Enhancing Long Chain-of-Thought Reasoning through Multi-Path Plan Aggregation
Siheng Xiong, Ali Payani, Faramarz Fekri
TL;DR
This work tackles the problem of CoT derailment in inference-time scaling for long reasoning traces, especially in smaller LMs. It introduces Multi-Path Plan Aggregation (MPPA), which explores multiple candidate planning steps and aggregates them into refined plans, paired with an architecture that keeps the base LM fixed while a LoRA-based plan aggregator learns planning refinements. To overcome credit assignment challenges on long trajectories, the authors propose Online Step-DPO using Twisted Sequential Monte Carlo to provide process-level, stepwise supervision without a separate reward model. Across math, science, and logic benchmarks, MPPA with Online Step-DPO outperforms distillation-based long-CoT and outcome-based RL baselines, even with only about 10% SFT data and 5% of preference signals, demonstrating improved robustness and efficiency in long-horizon reasoning.
Abstract
Inference-time scaling enhances the reasoning ability of a language model (LM) by extending its chain-of-thought (CoT).

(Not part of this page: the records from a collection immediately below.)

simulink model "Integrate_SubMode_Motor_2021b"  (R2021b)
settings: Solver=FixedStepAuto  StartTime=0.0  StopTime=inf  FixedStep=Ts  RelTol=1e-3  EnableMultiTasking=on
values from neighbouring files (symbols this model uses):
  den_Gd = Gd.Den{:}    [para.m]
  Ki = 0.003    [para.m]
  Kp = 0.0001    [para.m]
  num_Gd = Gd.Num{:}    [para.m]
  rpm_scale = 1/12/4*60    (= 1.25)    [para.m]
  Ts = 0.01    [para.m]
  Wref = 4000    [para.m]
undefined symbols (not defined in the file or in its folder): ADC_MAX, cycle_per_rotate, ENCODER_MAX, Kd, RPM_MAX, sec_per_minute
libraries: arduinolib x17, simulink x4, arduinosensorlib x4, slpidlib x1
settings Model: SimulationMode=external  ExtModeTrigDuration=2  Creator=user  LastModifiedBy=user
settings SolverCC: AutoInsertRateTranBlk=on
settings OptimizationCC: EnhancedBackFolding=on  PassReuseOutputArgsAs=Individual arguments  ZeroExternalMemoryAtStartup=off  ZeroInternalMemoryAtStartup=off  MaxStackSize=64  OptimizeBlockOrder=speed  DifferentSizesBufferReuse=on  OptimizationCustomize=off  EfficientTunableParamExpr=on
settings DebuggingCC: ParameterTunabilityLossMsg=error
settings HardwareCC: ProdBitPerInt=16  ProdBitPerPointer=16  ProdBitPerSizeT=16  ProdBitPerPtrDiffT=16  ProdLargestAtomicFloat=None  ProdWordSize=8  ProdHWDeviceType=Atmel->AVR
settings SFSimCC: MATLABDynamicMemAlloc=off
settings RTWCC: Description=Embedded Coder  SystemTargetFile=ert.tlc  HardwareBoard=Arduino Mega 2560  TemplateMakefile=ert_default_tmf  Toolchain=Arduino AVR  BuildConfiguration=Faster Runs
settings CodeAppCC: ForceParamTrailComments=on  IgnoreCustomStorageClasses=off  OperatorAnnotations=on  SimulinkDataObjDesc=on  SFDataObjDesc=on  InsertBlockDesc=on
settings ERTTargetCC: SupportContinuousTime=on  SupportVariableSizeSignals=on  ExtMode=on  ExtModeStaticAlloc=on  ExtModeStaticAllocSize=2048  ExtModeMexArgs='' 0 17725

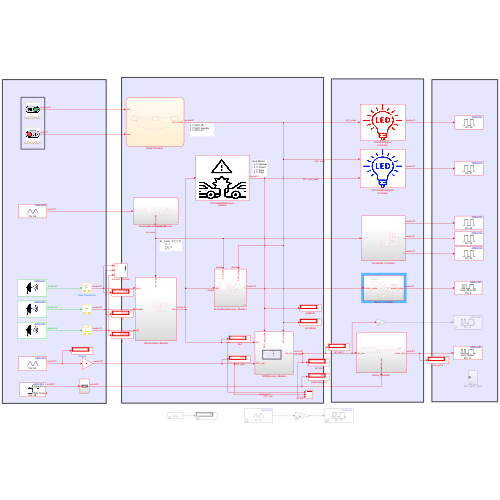
[thumbnail: Simulink's stored preview of the top-level diagram]
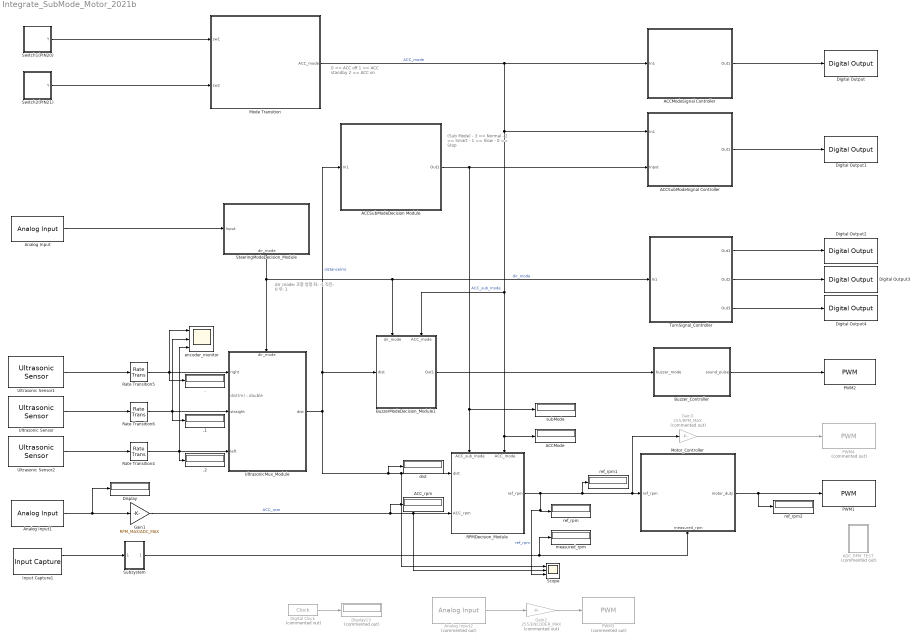
== system Integrate_SubMode_Motor_2021b ==
  note: dist(m) : double
  note: dir_mode: 조향 방향
      |  	좌: -1
      |  	직진: 0
      |  	우: 1
  note: 0 == ACC off
      | 1 == ACC standby
      | 2 == ACC on
  note: (Sub Mode)
      | - 3 == Normal
      | - 2 == Smart
      | - 1 == Slow
      | - 0 == Stop
  . : Display
  .1 : Display
  .2 : Display
  ACCMode : Display
  ACCModeSignal Controller : Subsystem
      mask Display: image('$imagefile'); % 변경하려면 툴스트립에 있는 "이미지 편집"을 사용하십시오.
  ACCSubModeDecision Module : Subsystem
      mask Display: image('$imagefile'); % 변경하려면 툴스트립에 있는 "이미지 편집"을 사용하십시오.
  ACCSubModeSignal Controller : Subsystem
      mask Display: image('$imagefile'); % 변경하려면 툴스트립에 있는 "이미지 편집"을 사용하십시오.
  ACC_rpm : Display
  ADC_RPM_TEST : Subsystem  Commented=on
  Analog Input : arduinolib/Analog Input  pinNumber=8  ReadResultsOnly=off  ConversionTriggerSource=Software  ExternalTriggerType=uint32( 0 )  OutputDataType=uint16  EnableConversionCompleteNotify=off  EnableOuputStatus=off  SampleTime=Ts  blockPlatform=arduino
  Analog Input1 : arduinolib/Analog Input  pinNumber=0  ReadResultsOnly=off  ConversionTriggerSource=Software  ExternalTriggerType=uint32( 0 )  OutputDataType=uint16  EnableConversionCompleteNotify=off  EnableOuputStatus=off  SampleTime=Ts  blockPlatform=arduino
  Analog Input2 : arduinolib/Analog Input  Commented=on  pinNumber=0  ReadResultsOnly=off  ConversionTriggerSource=Software  ExternalTriggerType=uint32( 0 )  OutputDataType=uint16  EnableConversionCompleteNotify=off  EnableOuputStatus=off  SampleTime=-1  blockPlatform=arduino
  BuzzerModeDecision_Module1 : Subsystem
      settings: PortSchema="{\"entries\":[{\"content\":{\"sides\":[{\"content\":{\"connectorIds\":[\"In1\"]},\"type\":\"ConnectorPlacement.EquallySpacedRectSide\",\"uuid\":\"3bfd8a6a-6750-43b9-a34d-1030ee4edf99\"},{\"content\":{\"connectorIds\":[\"Out1\"],\"side\":\"RIGHT\"},\"type\":\"ConnectorPlacement.EquallySpacedRectSide\",\"uuid\":\"183584f3-ff01-485d-aa62-5859e0907314\"},{\"content\":{\"connectorIds\":[\"In2\",\"In3\"],\"side\":\"TOP\"},\"type\":\"ConnectorPlacement.EquallySpacedRectSide\",\"uuid\":\"c1dfd82e-f053-4e34-bada-190db50d8d84\"}]},\"type\":\"ConnectorPlacement.EquallySpacedConnector\",\"uuid\":\"77a311fc-b440-4422-9bc9-ecab92f49ada\"}],\"packageUris\":[\"http://schema.mathworks.com/mf0/Connector/R2020b\"],\"version\":\"1.0\"}"
  Buzzer_Controller : Subsystem
  Digital Clock : DigitalClock  Commented=on
  Digital Output : arduinolib/Digital Output  pinNumber=30  Direction=output  blockPlatform=arduino
  Digital Output1 : arduinolib/Digital Output  pinNumber=31  Direction=output  blockPlatform=arduino
  Digital Output2 : arduinolib/Digital Output  pinNumber=44  Direction=output  blockPlatform=arduino
  Digital Output3 : arduinolib/Digital Output  pinNumber=45  Direction=output  blockPlatform=arduino
  Digital Output4 : arduinolib/Digital Output  pinNumber=46  Direction=output  blockPlatform=arduino
  Display : Display
  Display13 : Display  Commented=on
  Gain1 : Gain  Gain=RPM_MAX/ADC_MAX  OutDataTypeStr=double
  Gain2 : Gain  Commented=on  Gain=255/ENCODER_MAX  OutDataTypeStr=uint8
  Gain3 : Gain  Commented=on  Gain=255/RPM_MAX  OutDataTypeStr=uint8
  Input Capture1 : arduinolib/Input Capture  InputCapturePinNumber=48  SampleTime=Ts
      settings: SourceProductBaseCode=ARDUINO
  Mode Transition : Stateflow chart  TreatAsAtomicUnit=on
  "Motor_Controller " : Subsystem
      settings: PortSchema="{\"entries\":[{\"content\":{\"sides\":[{\"content\":{\"connectorIds\":[\"In1\"]},\"type\":\"ConnectorPlacement.EquallySpacedRectSide\",\"uuid\":\"84689b2b-9686-426f-98fe-832cf395d002\"},{\"content\":{\"connectorIds\":[\"Out1\"],\"side\":\"RIGHT\"},\"type\":\"ConnectorPlacement.EquallySpacedRectSide\",\"uuid\":\"269242fc-eb89-45a4-87bc-61aca4f4f947\"},{\"content\":{\"connectorIds\":[],\"side\":\"TOP\"},\"type\":\"ConnectorPlacement.EquallySpacedRectSide\",\"uuid\":\"b9328928-0765-4378-bf75-ce4fabb3519d\"},{\"content\":{\"connectorIds\":[\"In2\"],\"side\":\"BOTTOM\"},\"type\":\"ConnectorPlacement.EquallySpacedRectSide\",\"uuid\":\"a1cd2956-9074-43ce-a6b3-b2f914fe9274\"}]},\"type\":\"ConnectorPlacement.EquallySpacedConnector\",\"uuid\":\"faaddabd-e074-42ac-a65b-a2c01548f534\"}],\"packageUris\":[\"http://schema.mathworks.com/mf0/Connector/R2020b\"],\"version\":\"1.0\"}"
  PWM1 : arduinolib/PWM  pinNumber=11  frequencyType=Default  desiredFrequency=490.2  achievableFrequency=490.2
  PWM2 : arduinolib/PWM  pinNumber=5  frequencyType=Specify  desiredFrequency=490.2  achievableFrequency=490.1961
  PWM3 : arduinolib/PWM  Commented=on  pinNumber=11  frequencyType=Default  desiredFrequency=490.2  achievableFrequency=490.2
  PWM4 : arduinolib/PWM  Commented=on  pinNumber=11  frequencyType=Default  desiredFrequency=490.2  achievableFrequency=490.2
  RPMDecision_Module : Subsystem
      settings: PortSchema="{\"entries\":[{\"content\":{\"sides\":[{\"content\":{\"connectorIds\":[\"In1\",\"In2\"]},\"type\":\"ConnectorPlacement.EquallySpacedRectSide\",\"uuid\":\"6ec364ce-34b2-4beb-b97a-f32003c79d6e\"},{\"content\":{\"connectorIds\":[\"Out1\"],\"side\":\"RIGHT\"},\"type\":\"ConnectorPlacement.EquallySpacedRectSide\",\"uuid\":\"dc876503-cb4c-4ae1-9014-14ad87bdb333\"},{\"content\":{\"connectorIds\":[\"In3\",\"In4\"],\"side\":\"TOP\"},\"type\":\"ConnectorPlacement.EquallySpacedRectSide\",\"uuid\":\"5447802f-a25d-4c34-9dc6-d7b36056ed0d\"}]},\"type\":\"ConnectorPlacement.EquallySpacedConnector\",\"uuid\":\"292fcb4a-6f45-4a66-adbd-fd22b6096994\"}],\"packageUris\":[\"http://schema.mathworks.com/mf0/Connector/R2020b\"],\"version\":\"1.0\"}"
  Rate Transition4 : RateTransition  Deterministic=off  OutPortSampleTime=Ts
  Rate Transition5 : RateTransition  Deterministic=off  OutPortSampleTime=Ts
  Rate Transition6 : RateTransition  Deterministic=off  OutPortSampleTime=Ts
  Scope : Scope  NumInputPorts=3
  SteeringModeDecision_Module : Subsystem
      settings: PortSchema="{\"entries\":[{\"content\":{\"sides\":[{\"content\":{\"connectorIds\":[\"In1\"]},\"type\":\"ConnectorPlacement.EquallySpacedRectSide\",\"uuid\":\"81aef089-e139-4a21-a559-f4cfcbe1fd6b\"},{\"content\":{\"connectorIds\":[],\"side\":\"RIGHT\"},\"type\":\"ConnectorPlacement.EquallySpacedRectSide\",\"uuid\":\"59a5580f-3b8b-4c0e-b6d8-e62868ebf4fd\"},{\"content\":{\"connectorIds\":[],\"side\":\"TOP\"},\"type\":\"ConnectorPlacement.EquallySpacedRectSide\",\"uuid\":\"52e3278b-fe84-4ffc-bd60-3e79fa1021a4\"},{\"content\":{\"connectorIds\":[\"Out1\"],\"side\":\"BOTTOM\"},\"type\":\"ConnectorPlacement.EquallySpacedRectSide\",\"uuid\":\"1683fe8c-8f20-453b-887e-9deee14294f2\"}]},\"type\":\"ConnectorPlacement.EquallySpacedConnector\",\"uuid\":\"f0c787f9-8860-4fe5-8e2c-91ccd075b91e\"}],\"packageUris\":[\"http://schema.mathworks.com/mf0/Connector/R2020b\"],\"version\":\"1.0\"}"
  Subsystem : Subsystem
  Switch1(PIN20) : Subsystem
      mask Display: image('$imagefile'); % 변경하려면 툴스트립에 있는 "이미지 편집"을 사용하십시오.
  Switch2(PIN21) : Subsystem
      mask Display: image('$imagefile'); % 변경하려면 툴스트립에 있는 "이미지 편집"을 사용하십시오.
  TurnSignal_Controller : Subsystem
  Ultrasonic Sensor : arduinosensorlib/Ultrasonic Sensor  NumSignalPins=2  TrigPin=36  EchoPin=37  SignalPin=3  SampleTime_=0.3  blockPlatform=ARDUINO
      settings: SourceProductBaseCode=ARDUINO
  Ultrasonic Sensor1 : arduinosensorlib/Ultrasonic Sensor  NumSignalPins=2  TrigPin=38  EchoPin=39  SignalPin=3  SampleTime_=0.3  blockPlatform=ARDUINO
      settings: SourceProductBaseCode=ARDUINO
  Ultrasonic Sensor2 : arduinosensorlib/Ultrasonic Sensor  NumSignalPins=2  TrigPin=42  EchoPin=43  SignalPin=3  SampleTime_=0.3  blockPlatform=ARDUINO
      settings: SourceProductBaseCode=ARDUINO
  UltrasonicMux_Module : Subsystem
      settings: PortSchema="{\"entries\":[{\"content\":{\"sides\":[{\"content\":{\"connectorIds\":[\"In1\",\"In2\",\"In3\"]},\"type\":\"ConnectorPlacement.EquallySpacedRectSide\",\"uuid\":\"5f4ad8f0-04c3-4479-9dfd-33641402f242\"},{\"content\":{\"connectorIds\":[\"Out1\"],\"side\":\"RIGHT\"},\"type\":\"ConnectorPlacement.EquallySpacedRectSide\",\"uuid\":\"c4451af6-64c8-402e-8ffe-feeed5b209e6\"},{\"content\":{\"connectorIds\":[\"In4\"],\"side\":\"TOP\"},\"type\":\"ConnectorPlacement.EquallySpacedRectSide\",\"uuid\":\"4be8f8c7-8102-4379-8072-e8a8027f489d\"}]},\"type\":\"ConnectorPlacement.EquallySpacedConnector\",\"uuid\":\"2bd08bb9-e7f4-4004-b808-4b0f9daf5a96\"}],\"packageUris\":[\"http://schema.mathworks.com/mf0/Connector/R2020b\"],\"version\":\"1.0\"}"
  dist : Display
  encoder_monitor : Scope  NumInputPorts=3
  measured_rpm : Display
  ref_rpm : Display
  ref_rpm1 : Display
  ref_rpm2 : Display
  subMode : Display
  wires:
  Gain1/1 -> ACC_rpm/1, Scope/2, RPMDecision_Module/2(ACC_rpm)  "ACC_rpm"
  Ultrasonic Sensor2/1 -> Rate Transition4/1
  Analog Input1/1 -> Display/1, Gain1/1
  RPMDecision_Module/1(ref_rpm) -> ref_rpm1/1, "Motor_Controller "/1(ref_rpm), Gain3/1, Scope/3, ref_rpm/1  "ref_rpm"
  UltrasonicMux_Module/1(dist) -> dist/1, Scope/1, RPMDecision_Module/1(dist), ACCSubModeDecision Module/1(In1), BuzzerModeDecision_Module1/1(dist)  "distance(m)"
  Switch2(PIN21)/1(Y) -> Mode Transition/2(sw2)
  Switch1(PIN20)/1(Y) -> Mode Transition/1(sw1)
  Mode Transition/1(ACC_mode) -> ACCMode/1, RPMDecision_Module/4(ACC_mode), BuzzerModeDecision_Module1/3(ACC_mode), ACCSubModeSignal Controller/1(In1), ACCModeSignal Controller/1(In1)  "ACC_mode"
  ACCSubModeDecision Module/1(Out1) -> ACCSubModeSignal Controller/2(Input), RPMDecision_Module/3(ACC_sub_mode), subMode/1  "ACC_sub_mode"
  ACCModeSignal Controller/1(Out1) -> Digital Output/1
  ACCSubModeSignal Controller/1(Out1) -> Digital Output1/1
  Rate Transition4/1 -> .2/1, encoder_monitor/3, UltrasonicMux_Module/3(left)
  SteeringModeDecision_Module/1(dir_mode) -> TurnSignal_Controller/1(In1), BuzzerModeDecision_Module1/2(dir_mode), UltrasonicMux_Module/4(dir_mode)  "dir_mode"
  Buzzer_Controller/1(sound_pulse) -> PWM2/1
  TurnSignal_Controller/1(Out1) -> Digital Output2/1
  TurnSignal_Controller/2(Out2) -> Digital Output3/1
  TurnSignal_Controller/3(Out3) -> Digital Output4/1
  Analog Input/1 -> SteeringModeDecision_Module/1(Input)
  Ultrasonic Sensor/1 -> Rate Transition6/1
  Ultrasonic Sensor1/1 -> Rate Transition5/1
  Digital Clock/1 -> Display13/1
  BuzzerModeDecision_Module1/1(Out1) -> Buzzer_Controller/1(buzzer_mode)
  "Motor_Controller "/1(motor_duty) -> ref_rpm2/1, PWM1/1
  Rate Transition5/1 -> UltrasonicMux_Module/1(right), ./1, encoder_monitor/1
  Rate Transition6/1 -> .1/1, encoder_monitor/2, UltrasonicMux_Module/2(straight)
  Analog Input2/1 -> Gain2/1
  Gain2/1 -> PWM3/1
  Input Capture1/1 -> Subsystem/1(In1)
  Subsystem/1(measured_rpm) -> measured_rpm/1, "Motor_Controller "/2(measured_rpm)
  Gain3/1 -> PWM4/1

== system Integrate_SubMode_Motor_2021b/ACCModeSignal Controller ==
  In1 : Inport
  Constant : Constant
  If : If  IfExpression=u1==2  ElseIfExpressions=u1==1
  If Action Subsystem : Subsystem  TreatAsAtomicUnit=on
  If Action Subsystem2 : Subsystem  TreatAsAtomicUnit=on
  If Action Subsystem3 : Subsystem  TreatAsAtomicUnit=on
  Merge : Merge  Inputs=3
  Pulse Generator1 : DiscretePulseGenerator  PulseType=Time based  Period=1  PulseWidth=50  SampleTime=-1
  Pulse Generator3 : DiscretePulseGenerator  PulseType=Time based  Period=0.2  PulseWidth=50  SampleTime=-1
  Out1 : Outport
  wires:
  If Action Subsystem2/1(Out1) -> Merge/3
  Pulse Generator1/1 -> If Action Subsystem2/1(In1)
  Pulse Generator3/1 -> If Action Subsystem/1(In1)
  Merge/1 -> Out1/1
  If Action Subsystem/1(Out1) -> Merge/2
  If/1 -> If Action Subsystem3/Action
  If/2 -> If Action Subsystem/Action
  Constant/1 -> If Action Subsystem3/1(In1)
  If/3 -> If Action Subsystem2/Action
  If Action Subsystem3/1(Out1) -> Merge/1
  In1/1 -> If/1

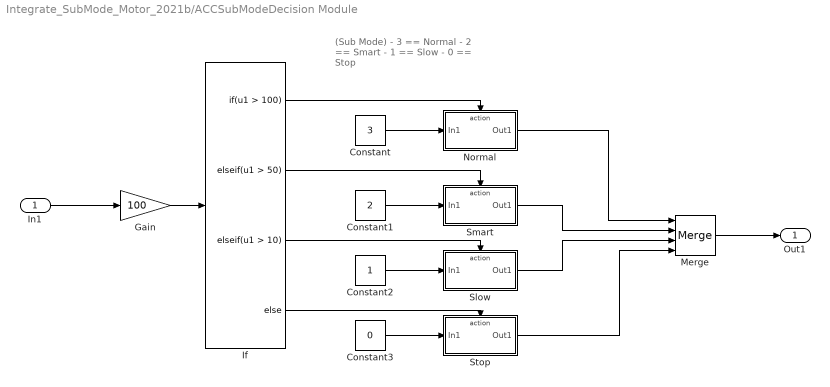
== system Integrate_SubMode_Motor_2021b/ACCSubModeDecision Module ==
  note: (Sub Mode)
      | - 3 == Normal
      | - 2 == Smart
      | - 1 == Slow
      | - 0 == Stop
  In1 : Inport
  Constant : Constant  Value=3
  Constant1 : Constant  Value=2
  Constant2 : Constant
  Constant3 : Constant  Value=0
  Gain : Gain  Gain=100
  If : If  IfExpression=u1 > 100  ElseIfExpressions=u1 > 50, u1 > 10
  Merge : Merge  Inputs=4
  "Normal " : Subsystem  TreatAsAtomicUnit=on
  Slow : Subsystem  TreatAsAtomicUnit=on
  Smart : Subsystem  TreatAsAtomicUnit=on
  Stop : Subsystem  TreatAsAtomicUnit=on
  Out1 : Outport
  wires:
  Slow/1(Out1) -> Merge/3
  Smart/1(Out1) -> Merge/2
  "Normal "/1(Out1) -> Merge/1
  Gain/1 -> If/1
  Constant2/1 -> Slow/1(In1)
  Constant/1 -> "Normal "/1(In1)
  In1/1 -> Gain/1
  Merge/1 -> Out1/1
  If/1 -> "Normal "/Action
  Constant3/1 -> Stop/1(In1)
  If/2 -> Smart/Action
  If/3 -> Slow/Action
  If/4 -> Stop/Action
  Stop/1(Out1) -> Merge/4
  Constant1/1 -> Smart/1(In1)

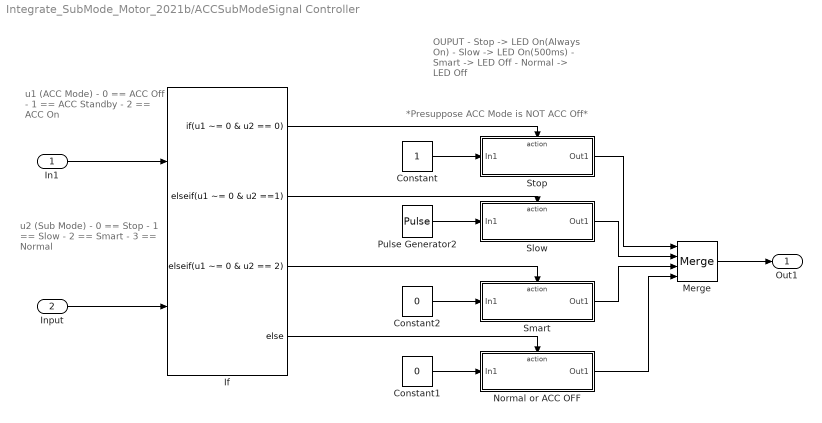
== system Integrate_SubMode_Motor_2021b/ACCSubModeSignal Controller ==
  note: u2 (Sub Mode)
      | - 0 == Stop
      | - 1 == Slow
      | - 2 == Smart
      | - 3 == Normal
  note: u1 (ACC Mode)
      | - 0 == ACC Off
      | - 1 == ACC Standby
      | - 2 ==  ACC On
  note: OUPUT
      | - Stop -> LED On(Always On)
      | - Slow -> LED On(500ms)
      | - Smart -> LED Off
      | - Normal -> LED Off
  note: *Presuppose ACC Mode is NOT ACC Off*
  In1 : Inport
  Input : Inport  Port=2
  Constant : Constant
  Constant1 : Constant  Value=0
  Constant2 : Constant  Value=0
  If : If  NumInputs=2  IfExpression=u1 ~= 0 & u2 == 0  ElseIfExpressions=u1 ~= 0 & u2 ==1, u1 ~= 0 & u2 == 2
  Merge : Merge  Inputs=4
  Normal or ACC OFF : Subsystem  TreatAsAtomicUnit=on
  Pulse Generator2 : DiscretePulseGenerator  PulseType=Time based  Period=0.2  PulseWidth=50  SampleTime=-1
  Slow : Subsystem  TreatAsAtomicUnit=on
  Smart : Subsystem  TreatAsAtomicUnit=on
  Stop : Subsystem  TreatAsAtomicUnit=on
  Out1 : Outport
  wires:
  Constant1/1 -> Normal or ACC OFF/1(In1)
  Pulse Generator2/1 -> Slow/1(In1)
  Merge/1 -> Out1/1
  Slow/1(Out1) -> Merge/2
  Constant/1 -> Stop/1(In1)
  Stop/1(Out1) -> Merge/1
  In1/1 -> If/1
  Input/1 -> If/2
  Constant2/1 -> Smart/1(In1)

However, existing approaches typically generate the entire reasoning chain in a single forward pass, which often leads to CoT derailment, i.e., the reasoning trajectory drifting off course due to compounding errors. This problem is particularly severe for smaller LMs with long CoTs due to their limited capacity. To address this, we analyze raw long CoTs and uncover a reasoning hierarchy consisting of planning and execution steps. Our analysis reveals that most reasoning errors stem from incorrect planning. Motivated by this observation, we propose Multi-Path Plan Aggregation (MPPA), a framework that augments single-pass reasoning with plan exploration and aggregation. Following a variable interval schedule based on the token position, MPPA generates multiple candidate plans and aggregates them into a refined planning step. To maintain efficiency, we adopt a minimal design in which the base LM serves as the primary policy, while a lightweight LoRA module implements the plan aggregation policy. We further observe that outcome-reward RL is inefficient for long trajectories (e.g., exceeding 4K tokens). To overcome this, we introduce online Step-DPO, a process-level preference optimization scheme that leverages Twisted Sequential Monte Carlo (TSMC) to provide scalable stepwise supervision using small LMs. This yields more efficient training, improved stability, and higher accuracy. Extensive experiments on challenging math, science, and logical reasoning benchmarks demonstrate that, with only 10% SFT data and 5% of preference pairs, our method outperforms both the DeepSeek-R1 distillation baseline and the outcome-reward RL baseline across multiple base models and tasks.